US Hydrogen Fuel Cell Industry Grows
There has been a modest fuel cell industry growing in the U.S. for several years. The country, which has adopted a strong stance on the issue of alternative energy, has largely seen hydrogen fuel cells as a technology only feasible in the distant future.
Numerous companies that call the U.S. home have shown that this is not the case, but much of the promise that the fuel cell industry represents can only be found abroad, in Japan and South Korea, where fuel cells are quickly becoming primary energy sources. The U.S. federal government believes that small businesses may hold the key to the country’s flagging fuel cell industry.
The Small Business Administration believes that entrepreneurs from the Northeastern reaches of the U.S. can help establish the U.S. as a major player in the global fuel cell industry.
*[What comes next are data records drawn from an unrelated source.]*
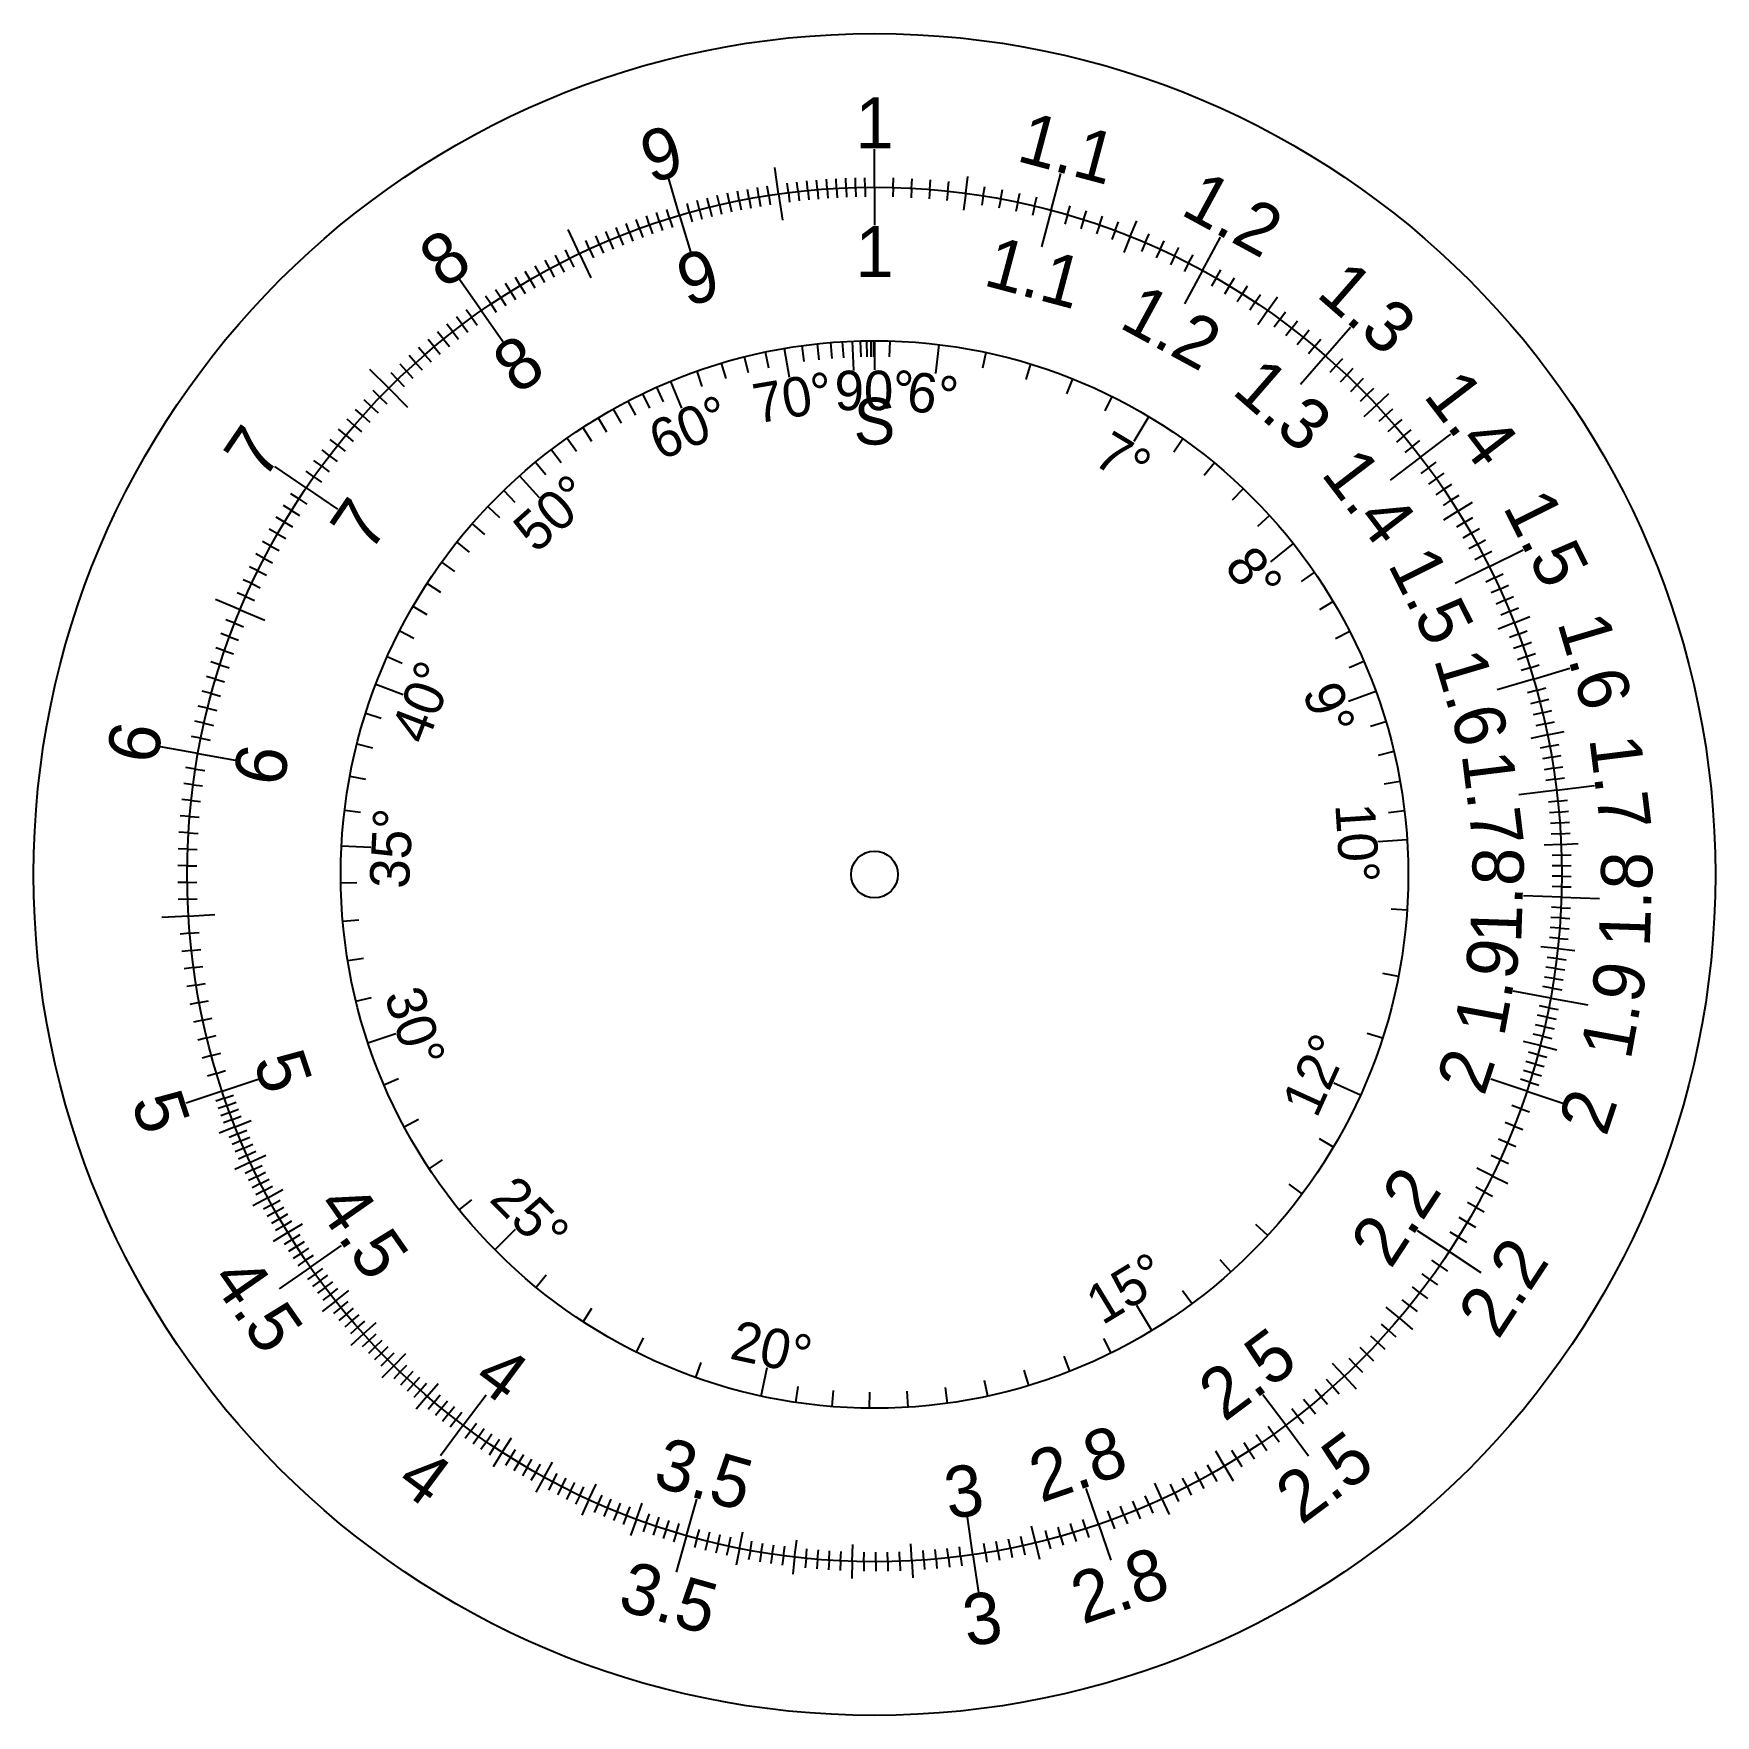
# Model space of a CAD drawing. Header units: metres. Extents: x -58 to 58, y -58 to 58.
import ezdxf
from ezdxf.enums import TextEntityAlignment as Align

# ---------------------------------------------------------------- set-up
doc = ezdxf.new("R2010")
doc.units = ezdxf.units.M
for name, color, linetype in [('CUT_REFERENCE', 1, 'Continuous'), ('ENGRAVE_LOG', 7, 'Continuous'), ('ENGRAVE_TEXT', 7, 'Continuous')]:
    doc.layers.add(name, color=color, linetype=linetype)

msp = doc.modelspace()

# ---------------------------------------------------------------- linework, layer by layer
at = {"layer": 'CUT_REFERENCE'}
for radius in [57.5, 47, 1.6]:
    msp.add_circle((0, 0), radius, dxfattribs=at)
at = {"layer": 'ENGRAVE_LOG'}
for p, q in [((0, 47), (0, 49.6)), ((0, 47), (0, 49.6)), ((-6.56, 46.54), (-6.81, 48.34)), ((-13.33, 45.07), (-14.06, 47.56)), ((-5.89, 46.63), (-5.97, 47.27)), ((-5.22, 46.71), (-5.3, 47.35)), ((-4.56, 46.78), (-4.63, 47.43)), ((-3.9, 46.84), (-3.96, 47.49)), ((-3.24, 46.89), (-3.29, 47.54)), ((-2.59, 46.93), (-2.63, 47.58)), ((-1.94, 46.96), (-1.96, 47.61)), ((-1.29, 46.98), (-1.31, 47.63)), ((-0.64, 47), (-0.65, 47.65)), ((1.28, 46.98), (1.29, 47.63)), ((2.54, 46.93), (2.57, 47.58)), ((3.79, 46.85), (3.84, 47.5)), ((5.02, 46.73), (5.09, 47.38)), ((6.24, 46.58), (6.39, 47.74)), ((12.09, 45.42), (12.75, 47.93)), ((-11.96, 45.45), (-12.13, 46.08)), ((-11.28, 45.63), (-11.44, 46.26)), ((-10.6, 45.79), (-10.75, 46.42)), ((-9.92, 45.94), (-10.06, 46.58)), ((-9.25, 46.08), (-9.37, 46.72)), ((-9.25, 46.08), (-9.12, 45.44)), ((-8.57, 46.21), (-8.69, 46.85)), ((-8.57, 46.21), (-8.45, 45.57)), ((-7.9, 46.33), (-8.01, 46.97)), ((-7.9, 46.33), (-7.79, 45.69)), ((-7.23, 46.44), (-7.33, 47.08)), ((-7.23, 46.44), (-7.13, 45.8)), ((-6.56, 46.54), (-6.3, 44.74)), ((-5.89, 46.63), (-5.81, 45.98)), ((-5.22, 46.71), (-5.15, 46.06)), ((-4.56, 46.78), (-4.5, 46.13)), ((-3.9, 46.84), (-3.85, 46.19)), ((-3.24, 46.89), (-3.2, 46.24)), ((-2.59, 46.93), (-2.55, 46.28)), ((-1.94, 46.96), (-1.91, 46.31)), ((-1.29, 46.98), (-1.27, 46.33)), ((-0.64, 47), (-0.63, 46.35)), ((0, 47), (0, 44.4)), ((0, 47), (0, 44.4)), ((1.28, 46.98), (1.26, 46.33)), ((2.54, 46.93), (2.5, 46.28)), ((3.79, 46.85), (3.73, 46.2)), ((5.02, 46.73), (4.95, 46.08)), ((6.24, 46.58), (6.08, 45.42)), ((7.44, 46.41), (7.34, 45.77)), ((7.44, 46.41), (7.54, 47.05)), ((8.63, 46.2), (8.51, 45.56)), ((8.63, 46.2), (8.75, 46.84)), ((9.8, 45.97), (9.93, 46.6)), ((10.95, 45.71), (11.1, 46.34)), ((-15.38, 44.41), (-15.59, 45.03)), ((-14.7, 44.64), (-14.9, 45.26)), ((-14.01, 44.86), (-14.2, 45.48)), ((-14.01, 44.86), (-13.82, 44.24)), ((-13.33, 45.07), (-12.59, 42.58)), ((-12.64, 45.27), (-12.82, 45.89)), ((-12.64, 45.27), (-12.47, 44.64)), ((-11.96, 45.45), (-11.8, 44.82)), ((-11.28, 45.63), (-11.13, 44.99)), ((-10.6, 45.79), (-10.46, 45.16)), ((-9.92, 45.94), (-9.79, 45.31)), ((9.8, 45.97), (9.66, 45.33)), ((10.95, 45.71), (10.8, 45.07)), ((12.09, 45.42), (11.42, 42.91)), ((13.2, 45.11), (13.02, 44.48)), ((13.2, 45.11), (13.39, 45.73)), ((14.3, 44.77), (14.5, 45.39)), ((15.39, 44.41), (15.6, 45.02)), ((-20.17, 42.45), (-20.95, 44.1)), ((-18.12, 43.37), (-18.37, 43.97)), ((-17.43, 43.65), (-17.67, 44.25)), ((-16.75, 43.91), (-16.98, 44.52)), ((-16.75, 43.91), (-16.52, 43.31)), ((-16.06, 44.17), (-16.29, 44.78)), ((-16.06, 44.17), (-15.84, 43.56)), ((-15.38, 44.41), (-15.17, 43.8)), ((-14.7, 44.64), (-14.49, 44.03)), ((14.3, 44.77), (14.11, 44.15)), ((15.39, 44.41), (15.17, 43.8)), ((16.45, 44.03), (16.22, 43.42)), ((16.45, 44.03), (16.68, 44.64)), ((17.49, 43.62), (17.93, 44.71)), ((18.52, 43.2), (18.78, 43.8)), ((-20.85, 42.12), (-21.14, 42.71)), ((-19.48, 42.77), (-19.75, 43.36)), ((-19.48, 42.77), (-19.22, 42.18)), ((-18.8, 43.08), (-19.06, 43.67)), ((-18.8, 43.08), (-18.54, 42.48)), ((-18.12, 43.37), (-17.87, 42.77)), ((-17.43, 43.65), (-17.19, 43.04)), ((17.49, 43.62), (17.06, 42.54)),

In 2010, the agency launched a regional program that invested some $1.5 million in a clean energy coalition called the Northeast Electrochemical Energy Storage Cluster. The coalition has, since its founding in 2007, made significant progress in helping promote hydrogen fuel cells as an energy source and an energy storage method and the Small Business Administration is now planning to provide the group with four more years of funding.
The auto industry is expected to be the most promising sector that can help promote the U.S. fuel cell industry. Automakers have adopted hydrogen fuel cells as one of their favored forms of clean energy for new vehicles.
The U.S. has long been a primary market for the auto industry, and showing support for hydrogen fuel cells in transportation could bolster the country’s own fuel cell industry and make it competitive with those seen in Japan and South Korea.